Review: Good Boys (2019) – One Track Minds

goodboys
Keith L Wiliams, Jacob Tremblay and Brady Noon in Good Boys

It might just be because we have reached the end of the summer blockbuster season but recent films like Once Upon A Time In Hollywood have been pushing boundaries of taste in the name of good drama or great comedy. Good Boys has all the trappings of a film trying to push the boat out, making its youth cast find humour in some distinctly adult concepts. However what this Seth Rogen, Jonah Hill produced comedy actually seems to do is avoid any chance of offending anyone by shooting for a broad, welcoming tone that embraces the childish.

Following three sixth grade best friends, Good Boys follows their quest to learn the secret to kissing in preparation for their first ‘kissing party’. Pushed by ringleader Max (Jacob Tremblay), wannabe tough guy Thor (Brady Noon) and rule-follower Lucas (Keith L Williams) skip school so that they can prepare for the party of their lives. However, what starts out as a simple journey between friends forces them to face what they really want from this party and if they even really want to go.

While I’m sure there will be a dialogue at some point about the crass nature of films like Good Boys, films that take the framework of a coming of age story and turn it into something debased and unseemly, it is a facile argument here as the film never seeks to corrupt anyone. The misunderstandings and comedy found are crafted around outside knowledge that never seeps into the collective consciousness of the core characters. Harmless in every sense of the word, writers Lee Eisenberg and Gene Stupnitsky (also debuting as director here) might use sex, drugs and adult themes but they all come across as one big in-joke, one we can enjoy but also one Max, Thor, and Lucas are protected from.

A recurring joke about childproof medicine bottles perfectly sums up the tone Stupnitsky is shooting for and while there are a few off notes, a particularly off-colour comment about pubic hair in particular, the charm of Tremblay and especially Williams carry you through unoffended and sufficiently entertained. To say everything here works is entirely down to your willingness to embrace the ‘newness’ of Good Boys. From the novelty of children swearing to the all too frequent drug references, the jokes rely on the audience embracing all this as original, something that proves challenging in a world where the Kick-Ass series exists.

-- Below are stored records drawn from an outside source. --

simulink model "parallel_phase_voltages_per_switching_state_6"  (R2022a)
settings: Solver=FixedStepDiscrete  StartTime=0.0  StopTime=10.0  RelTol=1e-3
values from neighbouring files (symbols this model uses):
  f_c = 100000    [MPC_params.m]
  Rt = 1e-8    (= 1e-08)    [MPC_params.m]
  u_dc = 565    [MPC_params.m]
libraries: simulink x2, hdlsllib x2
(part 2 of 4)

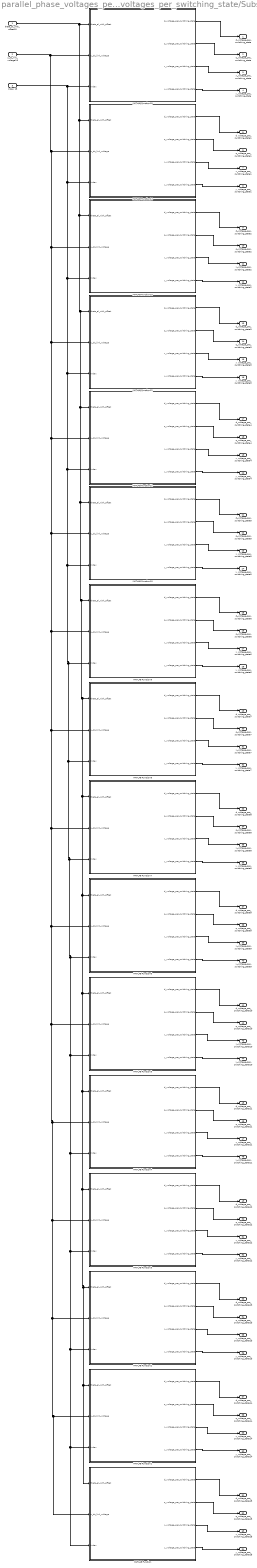
== system parallel_phase_voltages_per_switching_state_6/Phase_voltages_per_switching_state/Subsystem ==
  theta_el_with_offset15 : Inport
  u_dc_link_voltage15 : Inport  Port=2
  Index 15 : Inport  Port=3
  MATLAB Function : MATLAB Function  TreatAsAtomicUnit=on
  MATLAB Function1 : MATLAB Function  TreatAsAtomicUnit=on
  MATLAB Function10 : MATLAB Function  TreatAsAtomicUnit=on
  MATLAB Function11 : MATLAB Function  TreatAsAtomicUnit=on
  MATLAB Function12 : MATLAB Function  TreatAsAtomicUnit=on
  MATLAB Function13 : MATLAB Function  TreatAsAtomicUnit=on
  MATLAB Function14 : MATLAB Function  TreatAsAtomicUnit=on
  MATLAB Function15 : MATLAB Function  TreatAsAtomicUnit=on
  MATLAB Function2 : MATLAB Function  TreatAsAtomicUnit=on
  MATLAB Function3 : MATLAB Function  TreatAsAtomicUnit=on
  MATLAB Function4 : MATLAB Function  TreatAsAtomicUnit=on
  MATLAB Function5 : MATLAB Function  TreatAsAtomicUnit=on
  MATLAB Function6 : MATLAB Function  TreatAsAtomicUnit=on
  MATLAB Function7 : MATLAB Function  TreatAsAtomicUnit=on
  MATLAB Function8 : MATLAB Function  TreatAsAtomicUnit=on
  MATLAB Function9 : MATLAB Function  TreatAsAtomicUnit=on
  d_voltage_per_switching_state : Outport
  q_voltage_per_switching_state : Outport  Port=2
  x_voltage_per_switching_state : Outport  Port=3
  y_voltage_per_switching_state : Outport  Port=4
  d_voltage_per_switching_state1 : Outport  Port=5
  q_voltage_per_switching_state1 : Outport  Port=6
  x_voltage_per_switching_state1 : Outport  Port=7
  y_voltage_per_switching_state1 : Outport  Port=8
  d_voltage_per_switching_state2 : Outport  Port=9
  q_voltage_per_switching_state2 : Outport  Port=10
  x_voltage_per_switching_state2 : Outport  Port=11
  y_voltage_per_switching_state2 : Outport  Port=12
  d_voltage_per_switching_state3 : Outport  Port=13
  q_voltage_per_switching_state3 : Outport  Port=14
  x_voltage_per_switching_state3 : Outport  Port=15
  y_voltage_per_switching_state3 : Outport  Port=16
  d_voltage_per_switching_state4 : Outport  Port=17
  q_voltage_per_switching_state4 : Outport  Port=18
  x_voltage_per_switching_state4 : Outport  Port=19
  y_voltage_per_switching_state4 : Outport  Port=20
  d_voltage_per_switching_state5 : Outport  Port=21
  q_voltage_per_switching_state5 : Outport  Port=22
  x_voltage_per_switching_state5 : Outport  Port=23
  y_voltage_per_switching_state5 : Outport  Port=24
  d_voltage_per_switching_state6 : Outport  Port=25
  q_voltage_per_switching_state6 : Outport  Port=26
  x_voltage_per_switching_state6 : Outport  Port=27
  y_voltage_per_switching_state6 : Outport  Port=28
  d_voltage_per_switching_state7 : Outport  Port=29
  q_voltage_per_switching_state7 : Outport  Port=30
  x_voltage_per_switching_state7 : Outport  Port=31
  y_voltage_per_switching_state7 : Outport  Port=32
  d_voltage_per_switching_state8 : Outport  Port=33
  q_voltage_per_switching_state8 : Outport  Port=34
  x_voltage_per_switching_state8 : Outport  Port=35
  y_voltage_per_switching_state8 : Outport  Port=36
  d_voltage_per_switching_state9 : Outport  Port=37
  q_voltage_per_switching_state9 : Outport  Port=38
  x_voltage_per_switching_state9 : Outport  Port=39
  y_voltage_per_switching_state9 : Outport  Port=40
  d_voltage_per_switching_state10 : Outport  Port=41
  q_voltage_per_switching_state10 : Outport  Port=42
  x_voltage_per_switching_state10 : Outport  Port=43
  y_voltage_per_switching_state10 : Outport  Port=44
  d_voltage_per_switching_state11 : Outport  Port=45
  q_voltage_per_switching_state11 : Outport  Port=46
  x_voltage_per_switching_state11 : Outport  Port=47
  y_voltage_per_switching_state11 : Outport  Port=48
  d_voltage_per_switching_state12 : Outport  Port=49
  q_voltage_per_switching_state12 : Outport  Port=50
  x_voltage_per_switching_state12 : Outport  Port=51
  y_voltage_per_switching_state12 : Outport  Port=52
  d_voltage_per_switching_state13 : Outport  Port=53
  q_voltage_per_switching_state13 : Outport  Port=54
  x_voltage_per_switching_state13 : Outport  Port=55
  y_voltage_per_switching_state13 : Outport  Port=56
  d_voltage_per_switching_state14 : Outport  Port=57
  q_voltage_per_switching_state14 : Outport  Port=58
  x_voltage_per_switching_state14 : Outport  Port=59
  y_voltage_per_switching_state14 : Outport  Port=60
  d_voltage_per_switching_state15 : Outport  Port=61
  q_voltage_per_switching_state15 : Outport  Port=62
  x_voltage_per_switching_state15 : Outport  Port=63
  y_voltage_per_switching_state15 : Outport  Port=64
  wires:
  MATLAB Function4/1(d_voltage_per_switching_state) -> d_voltage_per_switching_state11/1
  MATLAB Function11/4(y_voltage_per_switching_state) -> y_voltage_per_switching_state4/1
  MATLAB Function3/2(q_voltage_per_switching_state) -> q_voltage_per_switching_state12/1
  MATLAB Function3/4(y_voltage_per_switching_state) -> y_voltage_per_switching_state12/1
  MATLAB Function10/3(x_voltage_per_switching_state) -> x_voltage_per_switching_state5/1
  MATLAB Function8/1(d_voltage_per_switching_state) -> d_voltage_per_switching_state7/1
  MATLAB Function8/2(q_voltage_per_switching_state) -> q_voltage_per_switching_state7/1
  MATLAB Function3/1(d_voltage_per_switching_state) -> d_voltage_per_switching_state12/1
  MATLAB Function11/1(d_voltage_per_switching_state) -> d_voltage_per_switching_state4/1
  theta_el_with_offset15/1 -> MATLAB Function/1(theta_el_with_offset), MATLAB Function1/1(theta_el_with_offset), MATLAB Function2/1(theta_el_with_offset), MATLAB Function3/1(theta_el_with_offset), MATLAB Function4/1(theta_el_with_offset), MATLAB Function5/1(theta_el_with_offset), MATLAB Function6/1(theta_el_with_offset), MATLAB Function7/1(theta_el_with_offset), MATLAB Function8/1(theta_el_with_offset), MATLAB Function9/1(theta_el_with_offset), MATLAB Function10/1(theta_el_with_offset), MATLAB Function11/1(theta_el_with_offset), MATLAB Function12/1(theta_el_with_offset), MATLAB Function13/1(theta_el_with_offset), MATLAB Function14/1(theta_el_with_offset), MATLAB Function15/1(theta_el_with_offset)
  MATLAB Function12/3(x_voltage_per_switching_state) -> x_voltage_per_switching_state3/1
  MATLAB Function15/2(q_voltage_per_switching_state) -> q_voltage_per_switching_state/1
  MATLAB Function8/3(x_voltage_per_switching_state) -> x_voltage_per_switching_state7/1
  MATLAB Function/1(d_voltage_per_switching_state) -> d_voltage_per_switching_state15/1
  MATLAB Function11/3(x_voltage_per_switching_state) -> x_voltage_per_switching_state4/1
  MATLAB Function10/4(y_voltage_per_switching_state) -> y_voltage_per_switching_state5/1
  MATLAB Function4/3(x_voltage_per_switching_state) -> x_voltage_per_switching_state11/1
  MATLAB Function11/2(q_voltage_per_switching_state) -> q_voltage_per_switching_state4/1
  MATLAB Function12/1(d_voltage_per_switching_state) -> d_voltage_per_switching_state3/1
  MATLAB Function2/1(d_voltage_per_switching_state) -> d_voltage_per_switching_state13/1
  MATLAB Function12/4(y_voltage_per_switching_state) -> y_voltage_per_switching_state3/1
  MATLAB Function/3(x_voltage_per_switching_state) -> x_voltage_per_switching_state15/1
  MATLAB Function13/2(q_voltage_per_switching_state) -> q_voltage_per_switching_state2/1
  MATLAB Function10/1(d_voltage_per_switching_state) -> d_voltage_per_switching_state5/1
  MATLAB Function10/2(q_voltage_per_switching_state) -> q_voltage_per_switching_state5/1
  MATLAB Function4/4(y_voltage_per_switching_state) -> y_voltage_per_switching_state11/1
  MATLAB Function3/3(x_voltage_per_switching_state) -> x_voltage_per_switching_state12/1
  MATLAB Function13/4(y_voltage_per_switching_state) -> y_voltage_per_switching_state2/1
  MATLAB Function8/4(y_voltage_per_switching_state) -> y_voltage_per_switching_state7/1
  MATLAB Function13/1(d_voltage_per_switching_state) -> d_voltage_per_switching_state2/1
  MATLAB Function13/3(x_voltage_per_switching_state) -> x_voltage_per_switching_state2/1
  MATLAB Function1/4(y_voltage_per_switching_state) -> y_voltage_per_switching_state14/1
  MATLAB Function1/1(d_voltage_per_switching_state) -> d_voltage_per_switching_state14/1
  MATLAB Function12/2(q_voltage_per_switching_state) -> q_voltage_per_switching_state3/1
  MATLAB Function4/2(q_voltage_per_switching_state) -> q_voltage_per_switching_state11/1
  MATLAB Function6/2(q_voltage_per_switching_state) -> q_voltage_per_switching_state9/1
  MATLAB Function5/3(x_voltage_per_switching_state) -> x_voltage_per_switching_state10/1
  MATLAB Function6/3(x_voltage_per_switching_state) -> x_voltage_per_switching_state9/1
  MATLAB Function6/1(d_voltage_per_switching_state) -> d_voltage_per_switching_state9/1
  MATLAB Function6/4(y_voltage_per_switching_state) -> y_voltage_per_switching_state9/1
  MATLAB Function15/1(d_voltage_per_switching_state) -> d_voltage_per_switching_state/1
  MATLAB Function15/4(y_voltage_per_switching_state) -> y_voltage_per_switching_state/1
  MATLAB Function15/3(x_voltage_per_switching_state) -> x_voltage_per_switching_state/1
  MATLAB Function/4(y_voltage_per_switching_state) -> y_voltage_per_switching_state15/1
  MATLAB Function/2(q_voltage_per_switching_state) -> q_voltage_per_switching_state15/1
  u_dc_link_voltage15/1 -> MATLAB Function/2(u_dc_link_voltage), MATLAB Function1/2(u_dc_link_voltage), MATLAB Function2/2(u_dc_link_voltage), MATLAB Function3/2(u_dc_link_voltage), MATLAB Function4/2(u_dc_link_voltage), MATLAB Function5/2(u_dc_link_voltage), MATLAB Function6/2(u_dc_link_voltage), MATLAB Function7/2(u_dc_link_voltage), MATLAB Function8/2(u_dc_link_voltage), MATLAB Function9/2(u_dc_link_voltage), MATLAB Function10/2(u_dc_link_voltage), MATLAB Function11/2(u_dc_link_voltage), MATLAB Function12/2(u_dc_link_voltage), MATLAB Function13/2(u_dc_link_voltage), MATLAB Function14/2(u_dc_link_voltage), MATLAB Function15/2(u_dc_link_voltage)
  MATLAB Function14/4(y_voltage_per_switching_state) -> y_voltage_per_switching_state1/1
  MATLAB Function2/2(q_voltage_per_switching_state) -> q_voltage_per_switching_state13/1
  MATLAB Function14/3(x_voltage_per_switching_state) -> x_voltage_per_switching_state1/1
  MATLAB Function14/1(d_voltage_per_switching_state) -> d_voltage_per_switching_state1/1
  MATLAB Function14/2(q_voltage_per_switching_state) -> q_voltage_per_switching_state1/1
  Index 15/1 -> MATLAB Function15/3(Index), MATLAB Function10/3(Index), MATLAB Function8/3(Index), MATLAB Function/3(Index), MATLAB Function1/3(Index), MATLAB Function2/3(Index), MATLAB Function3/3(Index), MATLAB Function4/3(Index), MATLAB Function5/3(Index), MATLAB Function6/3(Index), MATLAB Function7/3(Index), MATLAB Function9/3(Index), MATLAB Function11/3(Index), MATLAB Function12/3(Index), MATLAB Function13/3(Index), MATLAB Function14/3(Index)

In fact, nothing about the film is surprising with every joke being set up awkwardly. Despite all this, the film is genuinely riotous yet less shocking than it should be, while still providing a healthy dose of belly laughs. Despite the coming of age subplot about drifting friendships ringing true it never feels fleshed out and the one-track minds of these characters mean Stupnitsky never truly explores the inquisitive nature of kids their age.

Good Boys flourishes outside of the boys entirely with a hefty chunk of the runtime devoted to the drug-fueled desires of two high school girls (Molly Gordon and Midori Francis), who provide an audience equivalent, one that tempers the childish stupidity of three naive sixth graders. Playing not only the role of antagonists they also play everything in between from surrogate parent to bad influence, something they manage while still employing their own youthful energy.

Working best when it recognises the need for a more adult perspective, this is a coming of age story sure, just not a very important or understanding one. It will make you laugh but the repetitive nature of the comedy makes the laughs feel played out well before the end. Even the films closing montage, one that embraces the lunacy of a child sniffing lines of fake cocaine, instead of tying up loose ends, shoots for nonsense humour. It is a film that knows exactly what it is doing, it just never manages to make what that is worth thinking about after you’ve left the cinema.